▶ [Brief]: Below are some entries. Transcribe the lines from the one holding "T_IRQ: J3.14, U2.21 (D32)" to the one holding "2026-05-06 fixed?", inclusive, but not the pictures among them.

Data extracted from a collection:
§ §

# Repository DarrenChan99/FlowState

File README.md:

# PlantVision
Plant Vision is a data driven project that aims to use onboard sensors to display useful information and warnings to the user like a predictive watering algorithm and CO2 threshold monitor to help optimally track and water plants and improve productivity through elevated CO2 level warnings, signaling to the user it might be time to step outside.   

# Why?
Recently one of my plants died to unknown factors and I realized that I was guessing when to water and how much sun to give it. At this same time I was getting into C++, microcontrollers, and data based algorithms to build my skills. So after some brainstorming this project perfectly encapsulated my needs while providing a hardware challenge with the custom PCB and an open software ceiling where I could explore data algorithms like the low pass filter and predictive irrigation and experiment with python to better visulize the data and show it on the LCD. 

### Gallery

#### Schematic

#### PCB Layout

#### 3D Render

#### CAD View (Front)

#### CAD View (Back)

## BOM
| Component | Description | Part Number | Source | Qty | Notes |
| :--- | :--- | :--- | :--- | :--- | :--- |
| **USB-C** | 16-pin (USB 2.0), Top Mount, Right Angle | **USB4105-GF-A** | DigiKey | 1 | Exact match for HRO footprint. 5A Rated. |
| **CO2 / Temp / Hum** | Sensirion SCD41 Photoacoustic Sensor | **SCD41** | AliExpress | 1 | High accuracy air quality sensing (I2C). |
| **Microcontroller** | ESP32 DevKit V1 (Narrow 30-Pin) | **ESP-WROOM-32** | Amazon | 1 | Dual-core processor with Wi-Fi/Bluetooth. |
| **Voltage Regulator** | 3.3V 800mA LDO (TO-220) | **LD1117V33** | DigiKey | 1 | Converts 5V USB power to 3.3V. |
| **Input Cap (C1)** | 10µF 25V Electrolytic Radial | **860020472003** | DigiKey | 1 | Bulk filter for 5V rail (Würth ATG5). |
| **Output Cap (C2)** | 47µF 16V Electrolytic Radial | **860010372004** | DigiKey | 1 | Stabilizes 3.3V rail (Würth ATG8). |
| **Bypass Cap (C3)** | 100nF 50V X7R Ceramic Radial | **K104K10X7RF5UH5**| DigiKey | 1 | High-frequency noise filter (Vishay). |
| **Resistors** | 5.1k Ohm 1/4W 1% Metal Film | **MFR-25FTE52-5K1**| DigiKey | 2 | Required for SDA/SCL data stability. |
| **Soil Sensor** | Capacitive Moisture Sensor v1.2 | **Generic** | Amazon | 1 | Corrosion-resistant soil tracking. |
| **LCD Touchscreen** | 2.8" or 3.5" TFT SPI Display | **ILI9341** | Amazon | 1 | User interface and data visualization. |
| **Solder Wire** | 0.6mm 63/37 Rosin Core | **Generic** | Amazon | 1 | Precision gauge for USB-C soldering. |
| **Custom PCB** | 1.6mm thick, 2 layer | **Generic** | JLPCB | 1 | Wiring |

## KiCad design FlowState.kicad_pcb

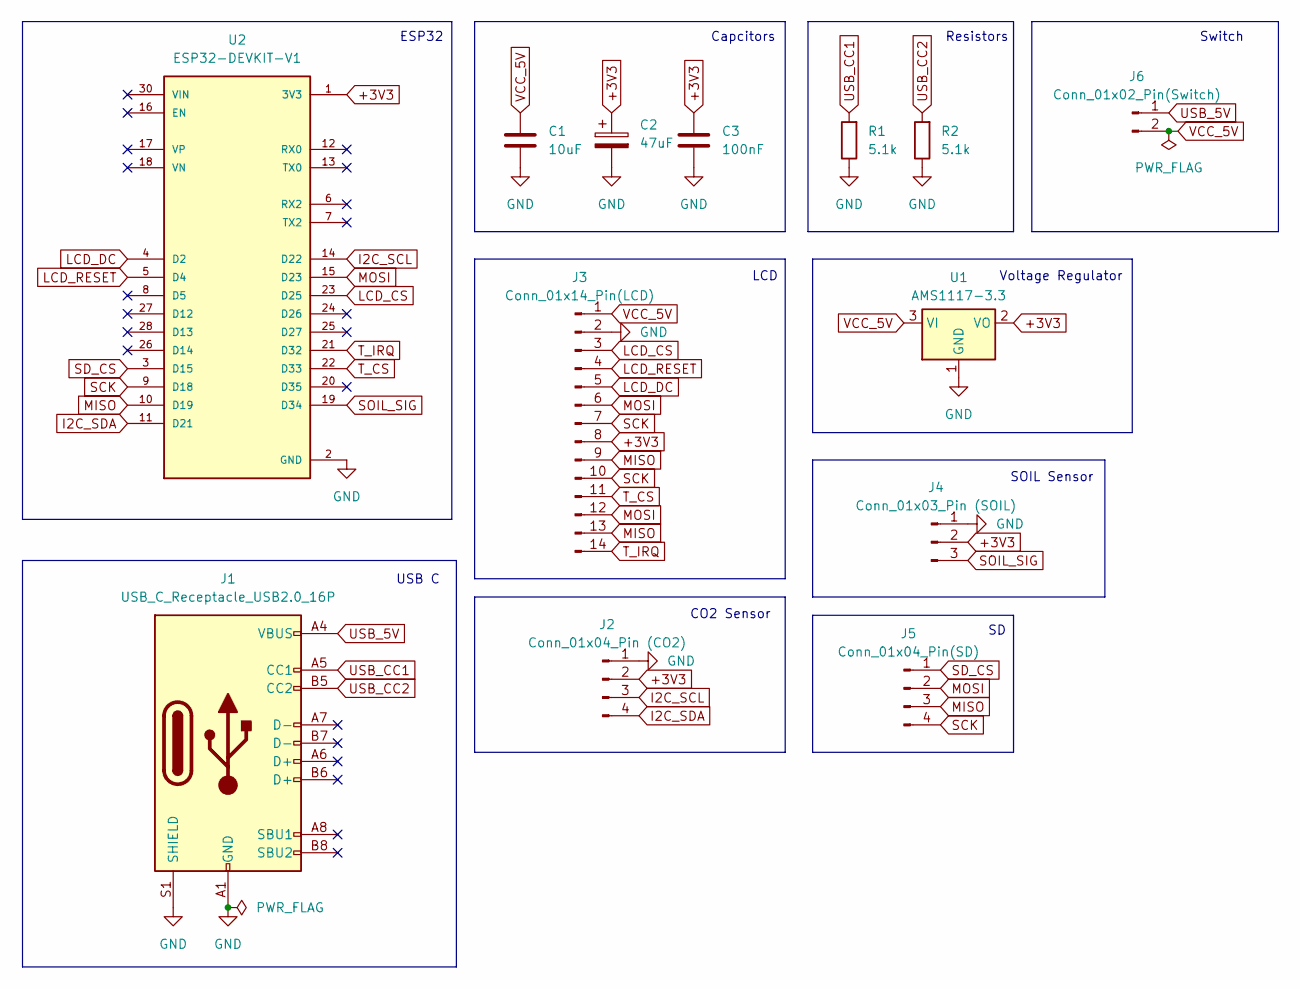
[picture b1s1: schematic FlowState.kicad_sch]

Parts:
C1: 10uF; CP_Radial_D5.0mm_P2.00mm
C2: 47uF; CP_Radial_D5.0mm_P2.00mm
C3: 100nF; C_Disc_D3.0mm_W1.6mm_P2.50mm
J1: USB_C_Receptacle_USB2.0_16P; USB_C_Receptacle_HRO_TYPE-C-31-M-12
J2: Conn_01x04_Pin (CO2); PinHeader_1x04_P2.54mm_Vertical
J3: Conn_01x14_Pin(LCD); PinHeader_1x14_P2.54mm_Vertical
J4: Conn_01x03_Pin (SOIL); PinHeader_1x03_P2.54mm_Vertical
J5: Conn_01x04_Pin(SD); PinHeader_1x04_P2.54mm_Vertical
J6: Conn_01x02_Pin(Switch); PinHeader_1x02_P2.54mm_Vertical
R1, R2: 5.1k; R_Axial_DIN0207_L6.3mm_D2.5mm_P7.62mm_Horizontal
U1: AMS1117-3.3; SOT-223-3_TabPin2
U2: ESP32-DEVKIT-V1; MODULE_ESP32_DEVKIT_V1; PARTREV N/A

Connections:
+3V3: C2.1, C3.1, J2.2, J3.8, J4.2, U1.2 (VO), U2.1 (3V3)
GND: C1.2, C2.2, C3.2, J1.A1 (GND), J1.A12 (GND), J1.B1 (GND), J1.B12 (GND), J1.S1 (SHIELD), J2.1, J3.2, J4.1, R1.1, R2.1, U1.1 (GND), U2.2 (GND), U2.29 (GND)
I2C_SCL: J2.3, U2.14 (D22)
I2C_SDA: J2.4, U2.11 (D21)
LCD_CS: J3.3, U2.23 (D25)
LCD_DC: J3.5, U2.4 (D2)
LCD_RESET: J3.4, U2.5 (D4)
MISO: J3.9, J3.13, J5.3, U2.10 (D19)
MOSI: J3.6, J3.12, J5.2, U2.15 (D23)
SCK: J3.7, J3.10, J5.4, U2.9 (D18)
SD_CS: J5.1, U2.3 (D15)
SOIL_SIG: J4.3, U2.19 (D34)
T_CS: J3.11, U2.22 (D33)
T_IRQ: J3.14, U2.21 (D32)
USB_5V: J1.A4 (VBUS), J1.A9 (VBUS), J1.B4 (VBUS), J1.B9 (VBUS), J6.1; also elsewhere on the board
USB_CC1: J1.A5 (CC1), R1.2
USB_CC2: J1.B5 (CC2), R2.2
VCC_5V: C1.1, J3.1, J6.2, U1.3 (VI); also elsewhere on the board

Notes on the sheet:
ESP32
CO2 Sensor
Voltage Regulator
LCD
SOIL Sensor
Switch
Resistors
Capcitors
USB C

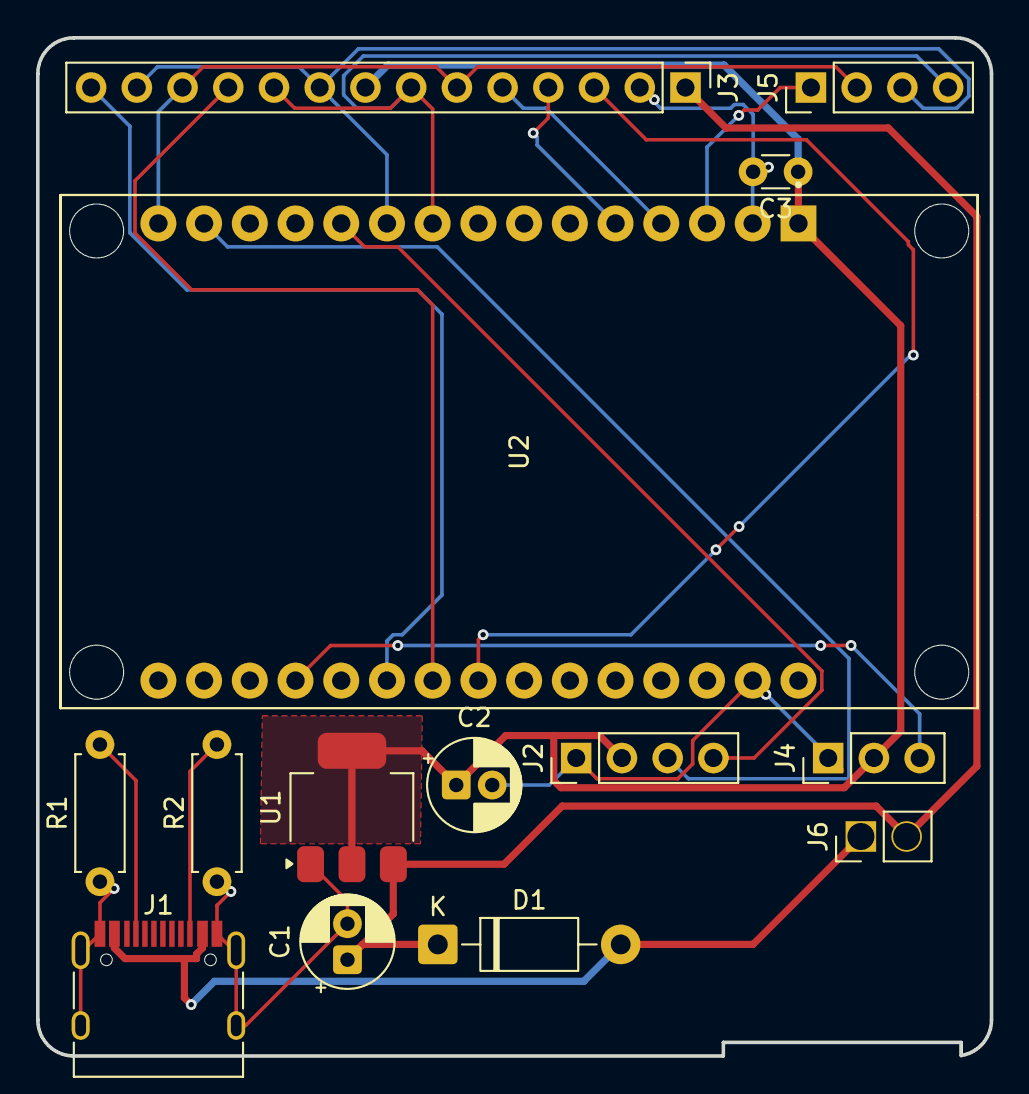
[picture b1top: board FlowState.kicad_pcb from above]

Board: 2 copper layers, 53.0 x 56.6 mm, 14 parts (0 on the bottom side), 18 nets.

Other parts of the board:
D1: 1N5819; D_DO-41_SOD81_P10.16mm_Horizontal

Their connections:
USB_5V: D1.2 (A); also elsewhere on the board
VCC_5V: D1.1 (K); also elsewhere on the board

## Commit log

2026-05-06 added files and gitignore
2026-05-06 fixed git ignore
2026-05-06 Fix: Stop tracking ignored files
2026-05-06 fixed actually
2026-05-06 added more
2026-05-06 fixed?
2026-05-06 fixed ds store to global ignore
2026-05-06 forgot to add:
2026-05-06 edits
    rewired LCD to differnt GPIO because that pin has HIGH voltage at startup
2026-05-07 heatsink
    heatsink good now
2026-05-12 gerber, step, readme
    did lots of stuff
2026-05-12 moved and organized
    moved and organized
2026-05-12 testing
    testing
2026-05-12 readme
2026-05-12 Update .gitignore to exclude more files
    Added additional Gerber files and VSCode configurations to .gitignore.
2026-05-12 chore: sync repo and update gitignore logic
2026-05-12 added code
2026-05-12 removed files

§ §

▶ [Answer for the task]:
T_IRQ: J3.14, U2.21 (D32)
USB_5V: J1.A4 (VBUS), J1.A9 (VBUS), J1.B4 (VBUS), J1.B9 (VBUS), J6.1; also elsewhere on the board
USB_CC1: J1.A5 (CC1), R1.2
USB_CC2: J1.B5 (CC2), R2.2
VCC_5V: C1.1, J3.1, J6.2, U1.3 (VI); also elsewhere on the board

Notes on the sheet:
ESP32
CO2 Sensor
Voltage Regulator
LCD
SOIL Sensor
Switch
Resistors
Capcitors
USB C

[picture b1top: board FlowState.kicad_pcb from above]

Board: 2 copper layers, 53.0 x 56.6 mm, 14 parts (0 on the bottom side), 18 nets.

Other parts of the board:
D1: 1N5819; D_DO-41_SOD81_P10.16mm_Horizontal

Their connections:
USB_5V: D1.2 (A); also elsewhere on the board
VCC_5V: D1.1 (K); also elsewhere on the board

## Commit log

2026-05-06 added files and gitignore
2026-05-06 fixed git ignore
2026-05-06 Fix: Stop tracking ignored files
2026-05-06 fixed actually
2026-05-06 added more
2026-05-06 fixed?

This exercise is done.